**WORK ORDER:**
Set down every record below exactly as it stands, leaving out the pictures.

Items listed in a dataset
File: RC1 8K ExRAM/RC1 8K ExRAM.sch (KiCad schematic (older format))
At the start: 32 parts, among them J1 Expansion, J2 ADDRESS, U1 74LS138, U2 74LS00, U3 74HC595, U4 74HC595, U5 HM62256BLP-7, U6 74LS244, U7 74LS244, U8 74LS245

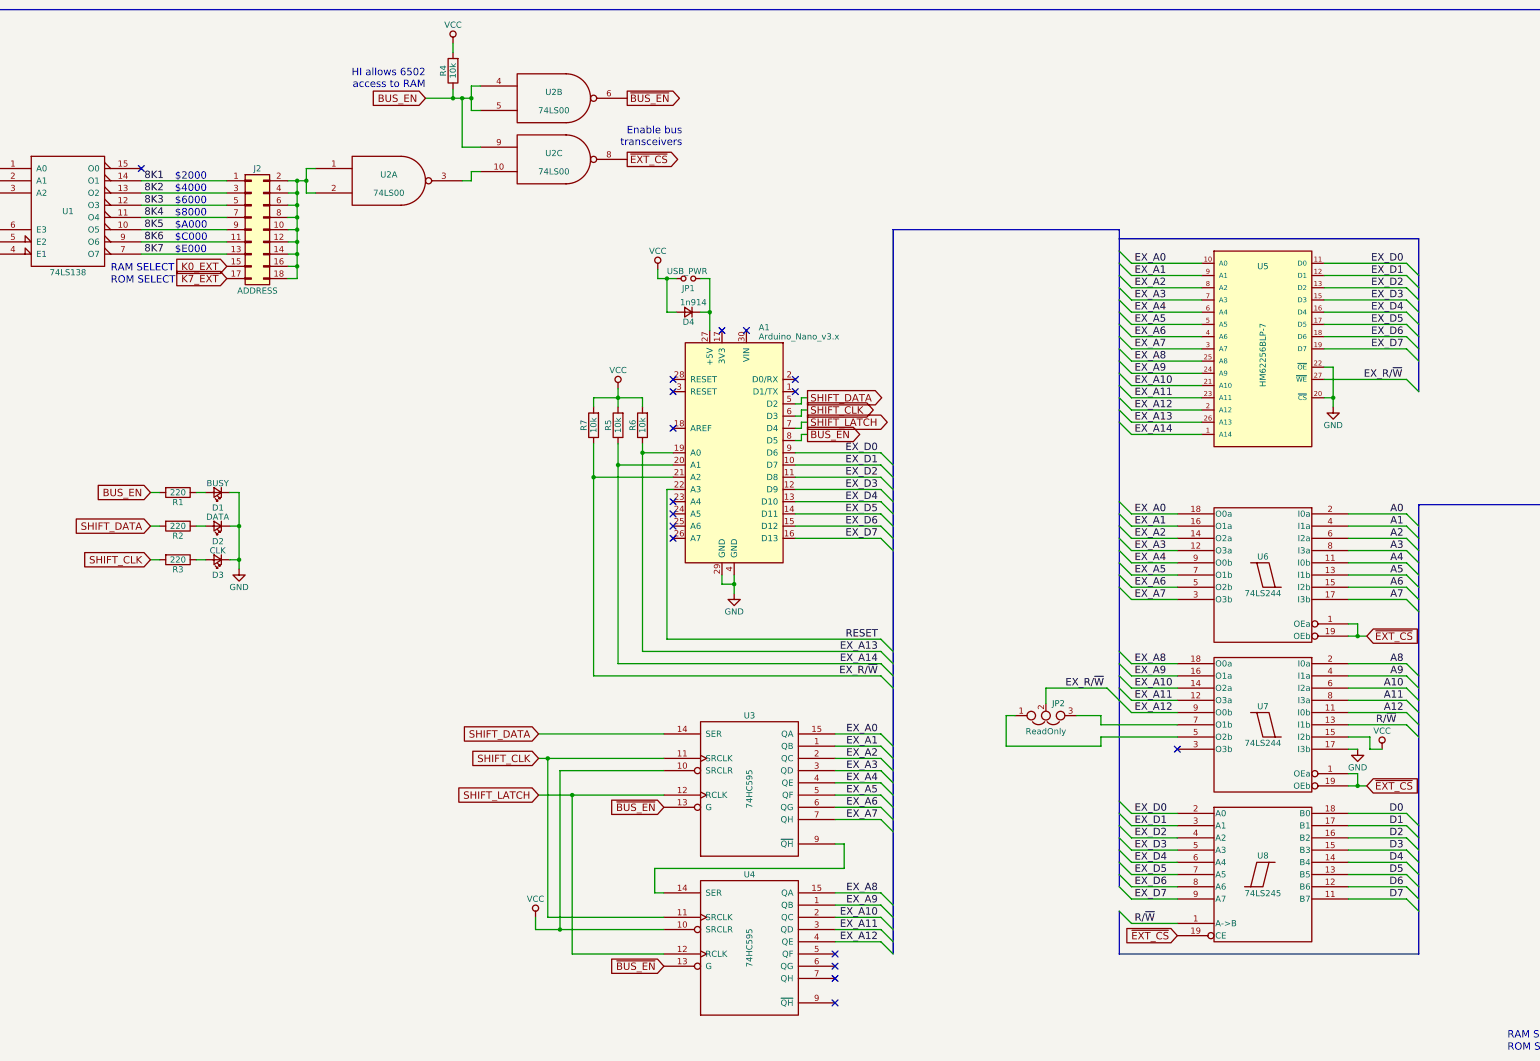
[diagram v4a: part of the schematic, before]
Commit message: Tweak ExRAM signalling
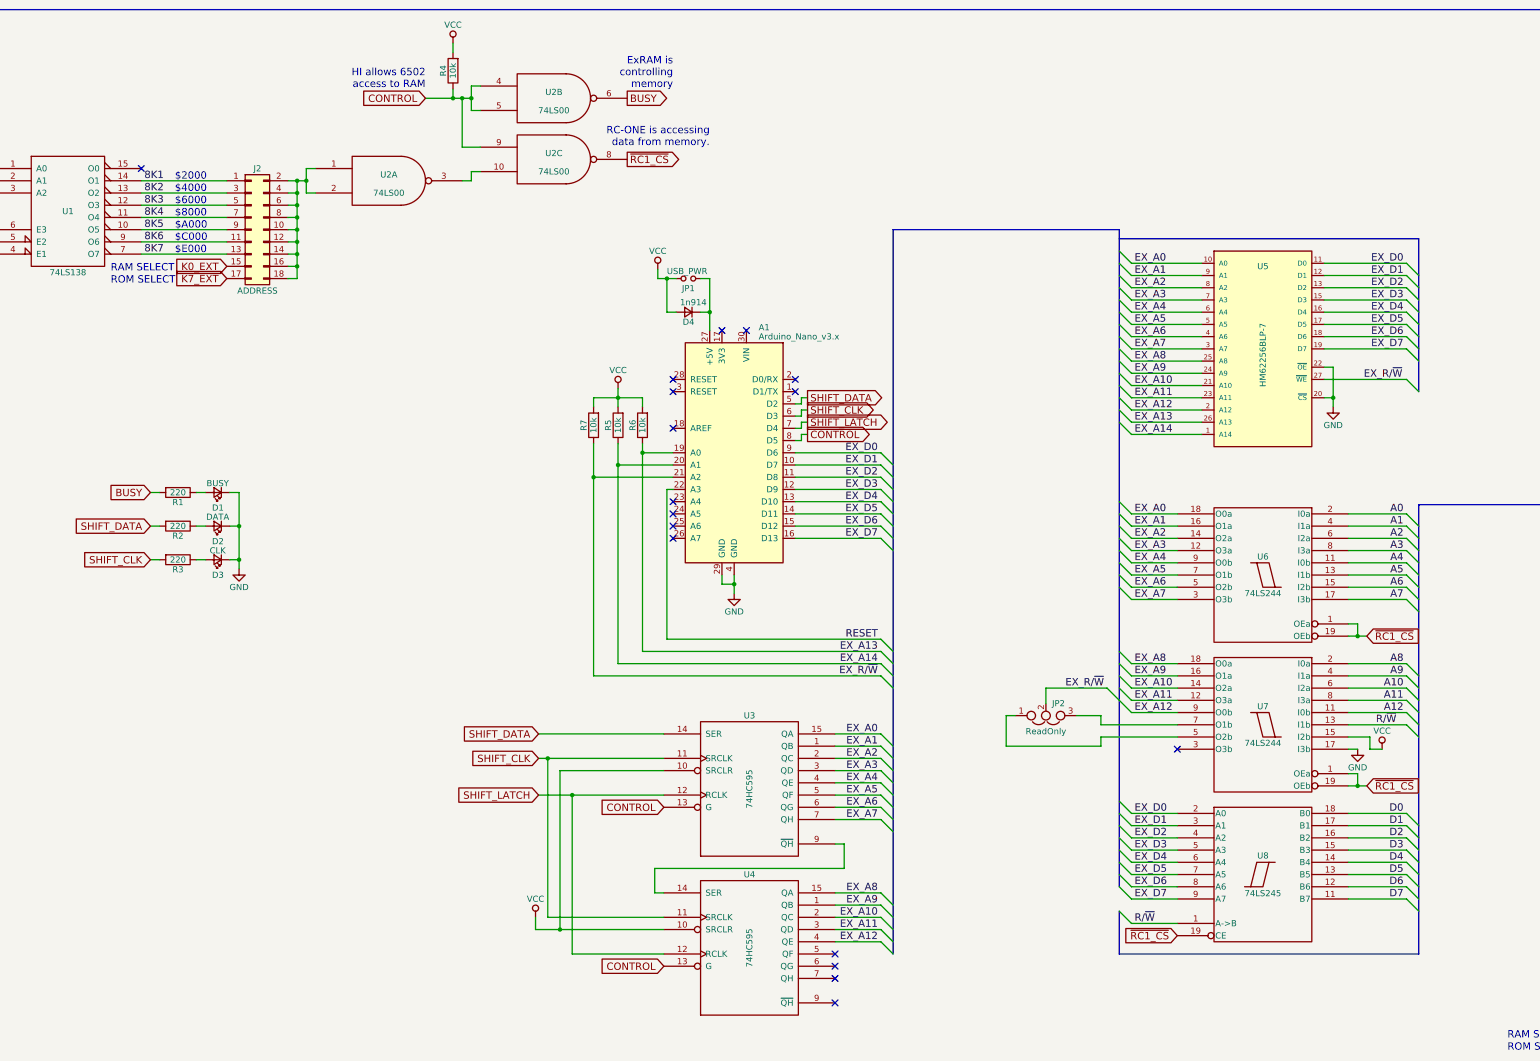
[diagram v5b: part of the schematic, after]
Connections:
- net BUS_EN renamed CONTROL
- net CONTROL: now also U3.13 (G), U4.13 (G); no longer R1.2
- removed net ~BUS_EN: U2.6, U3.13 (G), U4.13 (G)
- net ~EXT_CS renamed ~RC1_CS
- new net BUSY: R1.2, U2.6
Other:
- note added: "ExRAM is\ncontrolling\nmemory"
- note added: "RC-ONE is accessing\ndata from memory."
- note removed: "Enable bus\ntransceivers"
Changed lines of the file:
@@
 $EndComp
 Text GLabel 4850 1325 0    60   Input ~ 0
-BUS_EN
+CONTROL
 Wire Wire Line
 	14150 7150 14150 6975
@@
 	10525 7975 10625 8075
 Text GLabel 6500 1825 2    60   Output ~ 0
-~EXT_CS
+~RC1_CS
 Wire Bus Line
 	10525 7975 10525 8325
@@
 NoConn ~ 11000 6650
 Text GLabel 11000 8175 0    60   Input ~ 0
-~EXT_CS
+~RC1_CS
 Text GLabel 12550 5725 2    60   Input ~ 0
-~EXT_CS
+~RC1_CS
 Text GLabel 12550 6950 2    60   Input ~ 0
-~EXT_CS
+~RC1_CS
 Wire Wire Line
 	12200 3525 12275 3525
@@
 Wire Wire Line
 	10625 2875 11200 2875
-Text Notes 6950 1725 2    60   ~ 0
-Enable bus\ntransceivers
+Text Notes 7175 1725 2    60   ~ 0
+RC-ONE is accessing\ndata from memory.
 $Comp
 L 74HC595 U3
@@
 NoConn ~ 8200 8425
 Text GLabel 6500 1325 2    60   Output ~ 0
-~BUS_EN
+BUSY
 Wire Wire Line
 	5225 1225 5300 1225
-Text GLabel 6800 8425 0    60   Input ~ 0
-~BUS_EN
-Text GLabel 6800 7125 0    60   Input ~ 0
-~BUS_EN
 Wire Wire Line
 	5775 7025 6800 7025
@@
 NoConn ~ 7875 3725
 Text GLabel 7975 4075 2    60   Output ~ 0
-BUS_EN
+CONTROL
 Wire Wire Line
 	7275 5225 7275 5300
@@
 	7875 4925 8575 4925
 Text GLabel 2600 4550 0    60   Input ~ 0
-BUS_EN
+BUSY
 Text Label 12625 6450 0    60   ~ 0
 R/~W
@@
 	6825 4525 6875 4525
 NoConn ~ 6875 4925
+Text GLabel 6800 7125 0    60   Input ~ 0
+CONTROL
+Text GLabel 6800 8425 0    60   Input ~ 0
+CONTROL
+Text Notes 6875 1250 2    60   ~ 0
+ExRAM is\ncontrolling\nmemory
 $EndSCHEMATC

**ANSWER AREA:**
File: RC1 8K ExRAM/RC1 8K ExRAM.sch (KiCad schematic (older format))
At the start: 32 parts, among them J1 Expansion, J2 ADDRESS, U1 74LS138, U2 74LS00, U3 74HC595, U4 74HC595, U5 HM62256BLP-7, U6 74LS244, U7 74LS244, U8 74LS245

[diagram v4a: part of the schematic, before]
Commit message: Tweak ExRAM signalling
[diagram v5b: part of the schematic, after]
Connections:
- net BUS_EN renamed CONTROL
- net CONTROL: now also U3.13 (G), U4.13 (G); no longer R1.2
- removed net ~BUS_EN: U2.6, U3.13 (G), U4.13 (G)
- net ~EXT_CS renamed ~RC1_CS
- new net BUSY: R1.2, U2.6
Other:
- note added: "ExRAM is\ncontrolling\nmemory"
- note added: "RC-ONE is accessing\ndata from memory."
- note removed: "Enable bus\ntransceivers"
Changed lines of the file:
@@
 $EndComp
 Text GLabel 4850 1325 0    60   Input ~ 0
-BUS_EN
+CONTROL
 Wire Wire Line
 	14150 7150 14150 6975
@@
 	10525 7975 10625 8075
 Text GLabel 6500 1825 2    60   Output ~ 0
-~EXT_CS
+~RC1_CS
 Wire Bus Line
 	10525 7975 10525 8325
@@
 NoConn ~ 11000 6650
 Text GLabel 11000 8175 0    60   Input ~ 0
-~EXT_CS
+~RC1_CS
 Text GLabel 12550 5725 2    60   Input ~ 0
-~EXT_CS
+~RC1_CS
 Text GLabel 12550 6950 2    60   Input ~ 0
-~EXT_CS
+~RC1_CS
 Wire Wire Line
 	12200 3525 12275 3525
@@
 Wire Wire Line
 	10625 2875 11200 2875
-Text Notes 6950 1725 2    60   ~ 0
-Enable bus\ntransceivers
+Text Notes 7175 1725 2    60   ~ 0
+RC-ONE is accessing\ndata from memory.
 $Comp
 L 74HC595 U3
@@
 NoConn ~ 8200 8425
 Text GLabel 6500 1325 2    60   Output ~ 0
-~BUS_EN
+BUSY
 Wire Wire Line
 	5225 1225 5300 1225
-Text GLabel 6800 8425 0    60   Input ~ 0
-~BUS_EN
-Text GLabel 6800 7125 0    60   Input ~ 0
-~BUS_EN
 Wire Wire Line
 	5775 7025 6800 7025
@@
 NoConn ~ 7875 3725
 Text GLabel 7975 4075 2    60   Output ~ 0
-BUS_EN
+CONTROL
 Wire Wire Line
 	7275 5225 7275 5300
@@
 	7875 4925 8575 4925
 Text GLabel 2600 4550 0    60   Input ~ 0
-BUS_EN
+BUSY
 Text Label 12625 6450 0    60   ~ 0
 R/~W
@@
 	6825 4525 6875 4525
 NoConn ~ 6875 4925
+Text GLabel 6800 7125 0    60   Input ~ 0
+CONTROL
+Text GLabel 6800 8425 0    60   Input ~ 0
+CONTROL
+Text Notes 6875 1250 2    60   ~ 0
+ExRAM is\ncontrolling\nmemory
 $EndSCHEMATC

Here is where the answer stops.